FILE - Uzbek law enforcement officers check documents at a checkpoint in Tashkent, Uzbekistan, April 9, 2020.
FILE - Uzbek law enforcement officers check documents at a checkpoint in Tashkent, Uzbekistan, April 9, 2020.

Uzbekistan's Interior Ministry has taken the unusual step of promising to investigate the temporary detainment of two independent journalists while they were covering the aftermath of a dam burst that forced tens of thousands of people from their homes in the Sirdaryo region and neighboring Kazakhstan.

The ministry said on the Telegram messaging app that it will "assess the legality" of the actions taken by officers in holding the reporters on May 3.

"The Interior Ministry is always open to media outlets and does not meddle in their operations," the ministry statement said.

Tavaksay Uzbekistan
Tavaksay Uzbekistan

The statement came less than two hours after the independent online news organization Human.uz wrote on Telegram that police detained its reporter, Mavjuda Mirzaeva, and her cameraman while they were interviewing residents who were being temporarily housed at a college in the regional capital, Guliston, because of the accident.
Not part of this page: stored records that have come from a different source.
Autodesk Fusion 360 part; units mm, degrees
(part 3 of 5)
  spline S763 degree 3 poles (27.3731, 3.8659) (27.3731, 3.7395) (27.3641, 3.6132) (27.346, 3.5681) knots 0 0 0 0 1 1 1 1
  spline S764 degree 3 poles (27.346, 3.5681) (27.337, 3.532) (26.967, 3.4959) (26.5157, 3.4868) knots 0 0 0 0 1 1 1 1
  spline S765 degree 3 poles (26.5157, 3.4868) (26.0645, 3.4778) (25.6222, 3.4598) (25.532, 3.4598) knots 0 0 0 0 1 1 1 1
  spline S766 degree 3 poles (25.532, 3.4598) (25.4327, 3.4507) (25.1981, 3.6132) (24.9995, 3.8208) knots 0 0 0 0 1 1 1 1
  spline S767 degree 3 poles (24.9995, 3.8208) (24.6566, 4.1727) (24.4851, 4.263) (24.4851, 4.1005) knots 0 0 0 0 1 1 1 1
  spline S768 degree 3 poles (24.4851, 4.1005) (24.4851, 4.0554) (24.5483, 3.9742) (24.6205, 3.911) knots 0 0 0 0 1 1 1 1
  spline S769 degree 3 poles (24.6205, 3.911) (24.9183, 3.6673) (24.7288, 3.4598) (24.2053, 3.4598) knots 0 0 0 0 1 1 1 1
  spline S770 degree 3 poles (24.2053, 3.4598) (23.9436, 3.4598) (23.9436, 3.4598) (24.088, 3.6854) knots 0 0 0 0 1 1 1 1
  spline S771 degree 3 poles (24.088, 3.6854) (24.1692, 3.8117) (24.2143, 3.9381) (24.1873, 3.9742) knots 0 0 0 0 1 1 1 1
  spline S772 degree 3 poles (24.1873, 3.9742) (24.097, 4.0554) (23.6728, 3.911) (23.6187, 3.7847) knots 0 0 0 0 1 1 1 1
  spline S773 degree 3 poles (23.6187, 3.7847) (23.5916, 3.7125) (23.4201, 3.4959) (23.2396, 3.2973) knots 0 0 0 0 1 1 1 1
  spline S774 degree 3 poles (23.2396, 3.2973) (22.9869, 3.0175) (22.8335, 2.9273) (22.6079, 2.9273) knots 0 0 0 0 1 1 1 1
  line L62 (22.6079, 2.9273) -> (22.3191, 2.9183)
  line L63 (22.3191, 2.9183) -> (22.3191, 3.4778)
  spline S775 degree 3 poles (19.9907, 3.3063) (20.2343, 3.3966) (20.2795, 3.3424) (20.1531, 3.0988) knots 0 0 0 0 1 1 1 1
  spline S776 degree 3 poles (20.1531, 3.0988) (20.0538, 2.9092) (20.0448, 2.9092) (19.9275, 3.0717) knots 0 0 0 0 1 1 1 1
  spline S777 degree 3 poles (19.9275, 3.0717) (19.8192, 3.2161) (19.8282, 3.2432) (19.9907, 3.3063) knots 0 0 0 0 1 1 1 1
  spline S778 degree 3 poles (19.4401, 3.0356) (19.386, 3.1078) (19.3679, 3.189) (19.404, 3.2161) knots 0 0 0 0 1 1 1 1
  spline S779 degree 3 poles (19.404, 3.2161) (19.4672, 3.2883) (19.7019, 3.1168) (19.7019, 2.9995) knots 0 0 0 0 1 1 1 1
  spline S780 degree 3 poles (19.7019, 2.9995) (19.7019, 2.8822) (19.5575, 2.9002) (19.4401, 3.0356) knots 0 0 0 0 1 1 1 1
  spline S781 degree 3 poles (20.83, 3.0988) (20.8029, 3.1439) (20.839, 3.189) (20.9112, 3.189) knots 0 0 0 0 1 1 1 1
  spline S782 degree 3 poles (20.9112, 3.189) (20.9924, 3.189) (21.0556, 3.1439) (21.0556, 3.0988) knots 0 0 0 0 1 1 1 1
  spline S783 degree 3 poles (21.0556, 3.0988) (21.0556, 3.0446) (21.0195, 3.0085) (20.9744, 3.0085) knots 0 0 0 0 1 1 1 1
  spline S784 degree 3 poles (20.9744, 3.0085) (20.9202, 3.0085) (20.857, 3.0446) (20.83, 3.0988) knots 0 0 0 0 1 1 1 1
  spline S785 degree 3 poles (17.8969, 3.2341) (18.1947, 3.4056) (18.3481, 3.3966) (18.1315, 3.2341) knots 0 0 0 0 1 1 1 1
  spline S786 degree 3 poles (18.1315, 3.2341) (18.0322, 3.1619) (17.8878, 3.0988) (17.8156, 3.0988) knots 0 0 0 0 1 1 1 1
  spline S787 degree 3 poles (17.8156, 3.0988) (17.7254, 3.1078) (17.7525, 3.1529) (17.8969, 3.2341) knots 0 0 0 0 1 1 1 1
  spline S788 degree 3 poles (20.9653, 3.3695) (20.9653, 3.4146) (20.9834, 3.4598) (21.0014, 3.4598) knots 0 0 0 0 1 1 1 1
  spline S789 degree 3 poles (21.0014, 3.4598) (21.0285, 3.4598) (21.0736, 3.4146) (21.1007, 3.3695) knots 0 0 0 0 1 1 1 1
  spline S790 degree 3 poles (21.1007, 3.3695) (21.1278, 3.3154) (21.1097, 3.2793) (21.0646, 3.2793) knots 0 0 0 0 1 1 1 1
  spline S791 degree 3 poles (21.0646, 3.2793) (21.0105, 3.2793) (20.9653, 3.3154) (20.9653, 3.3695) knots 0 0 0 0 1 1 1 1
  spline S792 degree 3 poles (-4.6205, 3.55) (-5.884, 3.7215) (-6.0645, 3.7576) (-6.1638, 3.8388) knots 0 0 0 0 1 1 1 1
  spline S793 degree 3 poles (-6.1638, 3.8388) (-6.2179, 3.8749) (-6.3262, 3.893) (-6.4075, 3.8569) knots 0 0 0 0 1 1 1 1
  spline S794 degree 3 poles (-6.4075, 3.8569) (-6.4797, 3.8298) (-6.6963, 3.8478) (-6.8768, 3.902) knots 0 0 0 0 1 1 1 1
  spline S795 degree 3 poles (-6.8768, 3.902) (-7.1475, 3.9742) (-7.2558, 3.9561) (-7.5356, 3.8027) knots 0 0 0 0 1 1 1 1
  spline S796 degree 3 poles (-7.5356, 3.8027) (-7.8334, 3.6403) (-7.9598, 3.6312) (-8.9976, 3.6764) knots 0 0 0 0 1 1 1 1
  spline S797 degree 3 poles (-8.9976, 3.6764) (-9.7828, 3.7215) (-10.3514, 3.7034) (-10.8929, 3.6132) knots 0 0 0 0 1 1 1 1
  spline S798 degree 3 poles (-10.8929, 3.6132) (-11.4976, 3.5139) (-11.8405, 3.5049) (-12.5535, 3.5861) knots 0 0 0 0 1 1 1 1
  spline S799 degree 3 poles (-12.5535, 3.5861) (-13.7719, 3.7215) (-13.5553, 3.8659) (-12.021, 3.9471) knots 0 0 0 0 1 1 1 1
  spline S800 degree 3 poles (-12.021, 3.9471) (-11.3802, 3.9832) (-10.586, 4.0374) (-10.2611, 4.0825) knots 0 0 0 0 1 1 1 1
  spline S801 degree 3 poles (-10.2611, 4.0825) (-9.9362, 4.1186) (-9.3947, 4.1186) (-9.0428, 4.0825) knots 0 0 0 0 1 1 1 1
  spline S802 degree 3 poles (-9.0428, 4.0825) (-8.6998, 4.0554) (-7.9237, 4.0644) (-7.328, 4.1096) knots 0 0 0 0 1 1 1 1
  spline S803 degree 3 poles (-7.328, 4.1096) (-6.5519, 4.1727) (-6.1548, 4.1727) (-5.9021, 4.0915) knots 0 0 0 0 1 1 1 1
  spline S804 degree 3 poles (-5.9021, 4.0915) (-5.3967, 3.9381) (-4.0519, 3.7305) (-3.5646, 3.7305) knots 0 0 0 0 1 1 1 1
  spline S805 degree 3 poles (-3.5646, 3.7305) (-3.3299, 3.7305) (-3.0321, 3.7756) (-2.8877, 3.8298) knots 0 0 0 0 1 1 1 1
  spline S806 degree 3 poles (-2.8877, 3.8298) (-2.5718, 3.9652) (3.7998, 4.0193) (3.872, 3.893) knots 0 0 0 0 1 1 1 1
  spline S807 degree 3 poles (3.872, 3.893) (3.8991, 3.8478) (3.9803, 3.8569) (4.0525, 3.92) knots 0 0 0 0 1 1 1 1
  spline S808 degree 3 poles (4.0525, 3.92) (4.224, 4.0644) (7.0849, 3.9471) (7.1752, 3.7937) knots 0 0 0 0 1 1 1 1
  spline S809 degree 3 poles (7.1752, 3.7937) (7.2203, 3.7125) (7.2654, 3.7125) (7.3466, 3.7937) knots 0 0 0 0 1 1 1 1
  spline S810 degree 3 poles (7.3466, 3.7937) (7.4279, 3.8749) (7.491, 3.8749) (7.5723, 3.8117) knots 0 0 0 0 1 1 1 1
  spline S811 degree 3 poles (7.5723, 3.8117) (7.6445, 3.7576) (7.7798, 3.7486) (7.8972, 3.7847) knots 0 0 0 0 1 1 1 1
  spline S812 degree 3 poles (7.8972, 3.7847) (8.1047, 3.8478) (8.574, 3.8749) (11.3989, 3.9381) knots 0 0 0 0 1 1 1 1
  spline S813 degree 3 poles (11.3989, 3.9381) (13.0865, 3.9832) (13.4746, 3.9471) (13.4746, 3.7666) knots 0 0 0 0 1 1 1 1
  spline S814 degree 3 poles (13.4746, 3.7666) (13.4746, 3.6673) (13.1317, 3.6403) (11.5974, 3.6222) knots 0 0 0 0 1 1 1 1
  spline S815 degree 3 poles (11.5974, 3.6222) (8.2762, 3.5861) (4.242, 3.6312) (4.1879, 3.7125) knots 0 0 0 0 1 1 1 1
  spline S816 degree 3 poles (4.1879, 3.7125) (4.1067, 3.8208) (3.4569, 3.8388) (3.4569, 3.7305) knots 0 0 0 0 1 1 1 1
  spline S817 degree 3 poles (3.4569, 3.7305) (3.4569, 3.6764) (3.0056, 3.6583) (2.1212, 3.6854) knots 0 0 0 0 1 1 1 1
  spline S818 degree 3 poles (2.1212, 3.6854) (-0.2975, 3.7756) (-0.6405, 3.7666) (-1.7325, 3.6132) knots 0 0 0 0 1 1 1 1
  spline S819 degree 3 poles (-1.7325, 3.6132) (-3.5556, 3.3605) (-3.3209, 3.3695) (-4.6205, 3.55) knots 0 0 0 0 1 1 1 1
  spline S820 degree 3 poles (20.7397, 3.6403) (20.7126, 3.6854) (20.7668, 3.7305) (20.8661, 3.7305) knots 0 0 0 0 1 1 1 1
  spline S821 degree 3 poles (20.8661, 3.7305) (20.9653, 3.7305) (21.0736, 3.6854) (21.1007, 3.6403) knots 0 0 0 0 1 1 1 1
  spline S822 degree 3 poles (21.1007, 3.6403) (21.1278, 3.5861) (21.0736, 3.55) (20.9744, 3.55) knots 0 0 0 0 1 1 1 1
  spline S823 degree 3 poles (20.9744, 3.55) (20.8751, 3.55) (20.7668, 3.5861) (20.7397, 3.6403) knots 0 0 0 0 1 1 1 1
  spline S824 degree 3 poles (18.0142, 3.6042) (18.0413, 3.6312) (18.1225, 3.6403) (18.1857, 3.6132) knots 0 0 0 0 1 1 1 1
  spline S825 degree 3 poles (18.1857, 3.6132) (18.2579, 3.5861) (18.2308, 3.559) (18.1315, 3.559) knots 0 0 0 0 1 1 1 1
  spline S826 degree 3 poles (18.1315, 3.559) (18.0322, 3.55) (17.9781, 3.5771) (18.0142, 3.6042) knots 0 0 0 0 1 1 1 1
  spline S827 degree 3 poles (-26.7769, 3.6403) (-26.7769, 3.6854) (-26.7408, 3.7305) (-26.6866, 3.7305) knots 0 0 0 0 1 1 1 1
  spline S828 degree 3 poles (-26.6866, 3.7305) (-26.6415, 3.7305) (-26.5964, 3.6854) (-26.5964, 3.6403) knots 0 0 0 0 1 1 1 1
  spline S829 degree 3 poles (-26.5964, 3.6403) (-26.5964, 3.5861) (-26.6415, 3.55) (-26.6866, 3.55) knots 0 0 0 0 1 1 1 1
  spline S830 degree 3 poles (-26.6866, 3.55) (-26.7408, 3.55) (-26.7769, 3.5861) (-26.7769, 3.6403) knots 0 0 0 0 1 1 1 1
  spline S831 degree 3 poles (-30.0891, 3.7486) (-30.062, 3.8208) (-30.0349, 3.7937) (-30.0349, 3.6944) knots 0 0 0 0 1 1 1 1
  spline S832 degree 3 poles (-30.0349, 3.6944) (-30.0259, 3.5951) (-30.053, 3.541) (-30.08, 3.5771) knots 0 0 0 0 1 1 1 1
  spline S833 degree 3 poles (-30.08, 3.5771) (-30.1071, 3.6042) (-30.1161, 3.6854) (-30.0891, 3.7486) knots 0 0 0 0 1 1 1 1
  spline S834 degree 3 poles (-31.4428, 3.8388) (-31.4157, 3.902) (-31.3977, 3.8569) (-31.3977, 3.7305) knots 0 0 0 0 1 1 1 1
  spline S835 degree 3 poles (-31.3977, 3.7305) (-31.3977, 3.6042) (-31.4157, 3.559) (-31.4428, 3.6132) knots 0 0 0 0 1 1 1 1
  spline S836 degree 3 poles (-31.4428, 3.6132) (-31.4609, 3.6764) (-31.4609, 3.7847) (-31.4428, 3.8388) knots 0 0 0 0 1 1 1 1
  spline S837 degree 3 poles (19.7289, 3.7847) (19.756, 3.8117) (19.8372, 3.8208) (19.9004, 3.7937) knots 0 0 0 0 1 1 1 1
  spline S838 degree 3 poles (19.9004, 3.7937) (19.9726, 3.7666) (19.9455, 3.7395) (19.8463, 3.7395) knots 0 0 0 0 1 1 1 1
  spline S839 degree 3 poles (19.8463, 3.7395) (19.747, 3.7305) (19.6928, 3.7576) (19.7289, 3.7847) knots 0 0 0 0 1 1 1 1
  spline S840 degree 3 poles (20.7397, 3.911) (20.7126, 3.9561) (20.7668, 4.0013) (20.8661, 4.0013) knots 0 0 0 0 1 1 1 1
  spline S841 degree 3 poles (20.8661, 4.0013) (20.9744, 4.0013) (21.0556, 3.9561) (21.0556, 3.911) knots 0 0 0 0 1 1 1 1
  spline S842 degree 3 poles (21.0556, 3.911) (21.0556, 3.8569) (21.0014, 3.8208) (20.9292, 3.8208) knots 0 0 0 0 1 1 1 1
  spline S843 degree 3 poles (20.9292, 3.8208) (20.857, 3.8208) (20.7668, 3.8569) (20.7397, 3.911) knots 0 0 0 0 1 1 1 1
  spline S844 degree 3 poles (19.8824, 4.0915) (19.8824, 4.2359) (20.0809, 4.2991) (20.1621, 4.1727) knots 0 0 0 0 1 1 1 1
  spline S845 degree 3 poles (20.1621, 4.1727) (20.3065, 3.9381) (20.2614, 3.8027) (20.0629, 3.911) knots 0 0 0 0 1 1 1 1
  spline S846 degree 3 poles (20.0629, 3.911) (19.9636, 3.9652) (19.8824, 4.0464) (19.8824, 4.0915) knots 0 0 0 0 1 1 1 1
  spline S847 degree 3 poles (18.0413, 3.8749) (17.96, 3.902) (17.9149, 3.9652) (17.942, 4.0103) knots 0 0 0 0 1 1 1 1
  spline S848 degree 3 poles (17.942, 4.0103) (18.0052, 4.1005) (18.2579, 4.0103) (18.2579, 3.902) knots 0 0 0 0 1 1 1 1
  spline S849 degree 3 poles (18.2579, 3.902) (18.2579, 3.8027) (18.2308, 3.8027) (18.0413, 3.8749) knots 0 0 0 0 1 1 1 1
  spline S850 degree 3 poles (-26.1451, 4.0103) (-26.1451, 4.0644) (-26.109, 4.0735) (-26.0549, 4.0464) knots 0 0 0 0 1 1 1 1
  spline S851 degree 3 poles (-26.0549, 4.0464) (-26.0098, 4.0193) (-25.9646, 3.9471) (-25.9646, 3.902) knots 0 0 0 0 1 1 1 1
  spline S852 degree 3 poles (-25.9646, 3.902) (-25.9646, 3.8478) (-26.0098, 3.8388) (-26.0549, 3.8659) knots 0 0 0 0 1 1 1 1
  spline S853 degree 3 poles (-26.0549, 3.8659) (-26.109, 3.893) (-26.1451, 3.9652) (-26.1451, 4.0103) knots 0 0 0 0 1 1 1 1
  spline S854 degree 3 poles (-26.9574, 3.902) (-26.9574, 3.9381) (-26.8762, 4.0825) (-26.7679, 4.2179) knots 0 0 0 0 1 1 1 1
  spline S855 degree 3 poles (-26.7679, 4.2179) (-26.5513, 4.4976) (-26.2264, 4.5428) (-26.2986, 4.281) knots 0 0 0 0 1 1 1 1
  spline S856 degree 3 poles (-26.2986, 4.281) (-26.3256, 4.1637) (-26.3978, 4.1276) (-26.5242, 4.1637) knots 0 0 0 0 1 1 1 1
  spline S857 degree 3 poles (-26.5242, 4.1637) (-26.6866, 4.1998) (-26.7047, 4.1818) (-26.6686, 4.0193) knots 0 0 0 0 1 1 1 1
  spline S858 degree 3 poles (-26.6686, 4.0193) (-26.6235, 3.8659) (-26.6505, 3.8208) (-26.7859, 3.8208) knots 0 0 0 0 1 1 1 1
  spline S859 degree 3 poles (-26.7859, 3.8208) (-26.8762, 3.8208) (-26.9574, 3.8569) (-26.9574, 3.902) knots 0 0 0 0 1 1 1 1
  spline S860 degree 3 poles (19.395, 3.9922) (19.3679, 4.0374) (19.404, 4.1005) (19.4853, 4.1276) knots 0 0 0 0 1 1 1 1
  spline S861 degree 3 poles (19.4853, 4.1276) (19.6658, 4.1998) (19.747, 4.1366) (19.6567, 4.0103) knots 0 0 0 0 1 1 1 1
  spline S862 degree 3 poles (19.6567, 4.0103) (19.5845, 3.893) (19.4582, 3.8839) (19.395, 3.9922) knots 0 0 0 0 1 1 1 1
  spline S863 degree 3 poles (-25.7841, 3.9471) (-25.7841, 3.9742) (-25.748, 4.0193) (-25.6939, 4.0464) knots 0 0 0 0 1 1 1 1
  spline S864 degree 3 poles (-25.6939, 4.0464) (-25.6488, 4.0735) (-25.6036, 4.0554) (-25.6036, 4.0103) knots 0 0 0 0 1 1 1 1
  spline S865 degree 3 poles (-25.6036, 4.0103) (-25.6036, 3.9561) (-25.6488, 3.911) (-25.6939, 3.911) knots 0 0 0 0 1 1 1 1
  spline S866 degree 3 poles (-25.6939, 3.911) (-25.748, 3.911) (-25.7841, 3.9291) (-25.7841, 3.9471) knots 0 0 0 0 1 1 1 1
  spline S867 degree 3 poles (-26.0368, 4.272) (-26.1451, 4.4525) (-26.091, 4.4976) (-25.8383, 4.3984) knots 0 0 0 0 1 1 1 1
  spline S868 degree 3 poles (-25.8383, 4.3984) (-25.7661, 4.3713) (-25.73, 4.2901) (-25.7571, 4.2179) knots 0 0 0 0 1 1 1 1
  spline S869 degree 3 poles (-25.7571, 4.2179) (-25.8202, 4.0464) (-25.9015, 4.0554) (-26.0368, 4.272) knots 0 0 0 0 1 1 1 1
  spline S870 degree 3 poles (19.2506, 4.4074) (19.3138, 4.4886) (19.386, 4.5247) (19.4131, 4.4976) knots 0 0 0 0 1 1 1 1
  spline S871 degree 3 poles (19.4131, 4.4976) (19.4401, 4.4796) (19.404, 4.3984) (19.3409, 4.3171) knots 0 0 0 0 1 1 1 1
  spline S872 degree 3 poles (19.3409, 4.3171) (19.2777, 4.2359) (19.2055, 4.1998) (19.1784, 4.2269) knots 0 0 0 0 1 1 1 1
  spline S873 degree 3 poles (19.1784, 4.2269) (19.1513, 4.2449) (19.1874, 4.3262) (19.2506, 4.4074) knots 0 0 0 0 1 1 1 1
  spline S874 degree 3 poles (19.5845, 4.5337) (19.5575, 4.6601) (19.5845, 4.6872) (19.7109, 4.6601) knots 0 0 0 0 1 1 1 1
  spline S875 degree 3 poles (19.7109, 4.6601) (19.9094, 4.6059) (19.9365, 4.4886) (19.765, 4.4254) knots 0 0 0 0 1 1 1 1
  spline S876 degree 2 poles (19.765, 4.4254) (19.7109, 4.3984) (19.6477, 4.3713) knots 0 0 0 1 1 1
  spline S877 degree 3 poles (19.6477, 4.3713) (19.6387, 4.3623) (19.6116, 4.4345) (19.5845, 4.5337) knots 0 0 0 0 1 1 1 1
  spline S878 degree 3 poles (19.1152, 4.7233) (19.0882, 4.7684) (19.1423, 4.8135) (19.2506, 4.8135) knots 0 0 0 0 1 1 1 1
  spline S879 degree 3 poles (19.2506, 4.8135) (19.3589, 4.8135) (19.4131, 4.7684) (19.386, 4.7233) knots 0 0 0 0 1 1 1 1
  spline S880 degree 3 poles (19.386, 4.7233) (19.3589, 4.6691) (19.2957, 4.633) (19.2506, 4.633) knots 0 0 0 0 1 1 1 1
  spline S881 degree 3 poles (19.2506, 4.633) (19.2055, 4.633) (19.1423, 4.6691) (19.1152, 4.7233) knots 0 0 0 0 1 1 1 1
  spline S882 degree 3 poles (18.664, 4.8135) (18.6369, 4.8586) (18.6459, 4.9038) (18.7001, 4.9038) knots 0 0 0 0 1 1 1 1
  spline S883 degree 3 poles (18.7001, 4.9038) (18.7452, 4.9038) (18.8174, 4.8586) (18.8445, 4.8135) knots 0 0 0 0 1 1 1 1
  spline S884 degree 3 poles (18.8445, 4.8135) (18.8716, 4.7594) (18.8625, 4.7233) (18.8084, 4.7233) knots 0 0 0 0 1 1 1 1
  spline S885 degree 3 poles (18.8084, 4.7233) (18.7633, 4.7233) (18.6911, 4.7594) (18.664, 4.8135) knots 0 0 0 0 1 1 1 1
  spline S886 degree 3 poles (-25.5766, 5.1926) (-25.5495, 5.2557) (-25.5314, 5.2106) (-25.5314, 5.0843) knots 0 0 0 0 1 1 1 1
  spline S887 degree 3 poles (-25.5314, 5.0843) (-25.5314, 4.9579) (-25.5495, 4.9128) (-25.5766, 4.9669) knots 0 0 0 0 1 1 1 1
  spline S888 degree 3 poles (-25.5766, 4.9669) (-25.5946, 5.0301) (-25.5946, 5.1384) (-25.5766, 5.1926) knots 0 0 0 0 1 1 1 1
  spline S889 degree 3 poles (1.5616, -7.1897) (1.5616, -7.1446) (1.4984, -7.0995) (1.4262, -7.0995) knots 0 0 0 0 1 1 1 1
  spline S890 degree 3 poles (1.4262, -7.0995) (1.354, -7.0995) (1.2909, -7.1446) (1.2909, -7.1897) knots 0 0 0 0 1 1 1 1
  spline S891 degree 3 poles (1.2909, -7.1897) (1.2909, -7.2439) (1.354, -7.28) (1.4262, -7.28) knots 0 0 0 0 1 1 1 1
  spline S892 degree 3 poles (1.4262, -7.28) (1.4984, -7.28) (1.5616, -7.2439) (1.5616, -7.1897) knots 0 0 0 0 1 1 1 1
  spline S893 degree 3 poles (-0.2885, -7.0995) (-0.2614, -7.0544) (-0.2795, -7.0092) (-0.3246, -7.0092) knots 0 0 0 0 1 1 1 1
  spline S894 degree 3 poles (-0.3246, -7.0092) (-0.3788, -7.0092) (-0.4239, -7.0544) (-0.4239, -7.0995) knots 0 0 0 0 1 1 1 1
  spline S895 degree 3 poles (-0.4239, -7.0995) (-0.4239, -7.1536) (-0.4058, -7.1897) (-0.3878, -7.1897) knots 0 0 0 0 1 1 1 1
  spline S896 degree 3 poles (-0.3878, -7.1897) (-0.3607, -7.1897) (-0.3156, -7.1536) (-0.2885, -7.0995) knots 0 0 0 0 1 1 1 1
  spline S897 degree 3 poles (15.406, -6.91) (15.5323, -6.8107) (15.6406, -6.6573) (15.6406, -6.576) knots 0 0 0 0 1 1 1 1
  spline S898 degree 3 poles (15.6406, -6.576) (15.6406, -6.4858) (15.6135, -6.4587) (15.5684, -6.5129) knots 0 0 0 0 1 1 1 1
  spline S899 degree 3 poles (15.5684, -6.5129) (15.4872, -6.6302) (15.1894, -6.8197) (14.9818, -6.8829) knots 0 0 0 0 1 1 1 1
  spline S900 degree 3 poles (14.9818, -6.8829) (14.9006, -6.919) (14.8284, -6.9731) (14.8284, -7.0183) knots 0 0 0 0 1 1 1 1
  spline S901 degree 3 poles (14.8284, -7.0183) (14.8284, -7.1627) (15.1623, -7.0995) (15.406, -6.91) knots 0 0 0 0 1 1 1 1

In the video, posted by Human.uz, law enforcement officers, some of whom are in plainclothes, force the cameraman, whose name was not disclosed, into a minibus, while Mirzaeva films the situation and demands an explanation from an officer for the arrest.

The officer finally says, "You refused to follow lawful demands," but does not respond to Mirzaeva's request to clarify which "lawful demands" she and her cameraman refused to follow.

The officer then instructs one of his colleagues inside the vehicle to "delete all their video records after looking through them."

Until recently, the Interior Ministry investigating such an incident would have been seen as unthinkable.

Until 2016, Uzbekistan was under the iron fist of President Islam Karimov, who ruled the Central Asian state from before the collapse of the Soviet Union in 1991 until his death in 2016.

Since President Shavkat Mirziyoev took over, many imprisoned political opposition figures and journalists, some of whom were held for almost 20 years, have been released, while websites that were censored for years have become accessible.

Still, the watchdog Reporters Without Borders said in its assessment of press freedom in Uzbekistan that "the road is still long" for the country "to fully restore press freedom without political pluralism and without justice for the dictatorship's crimes."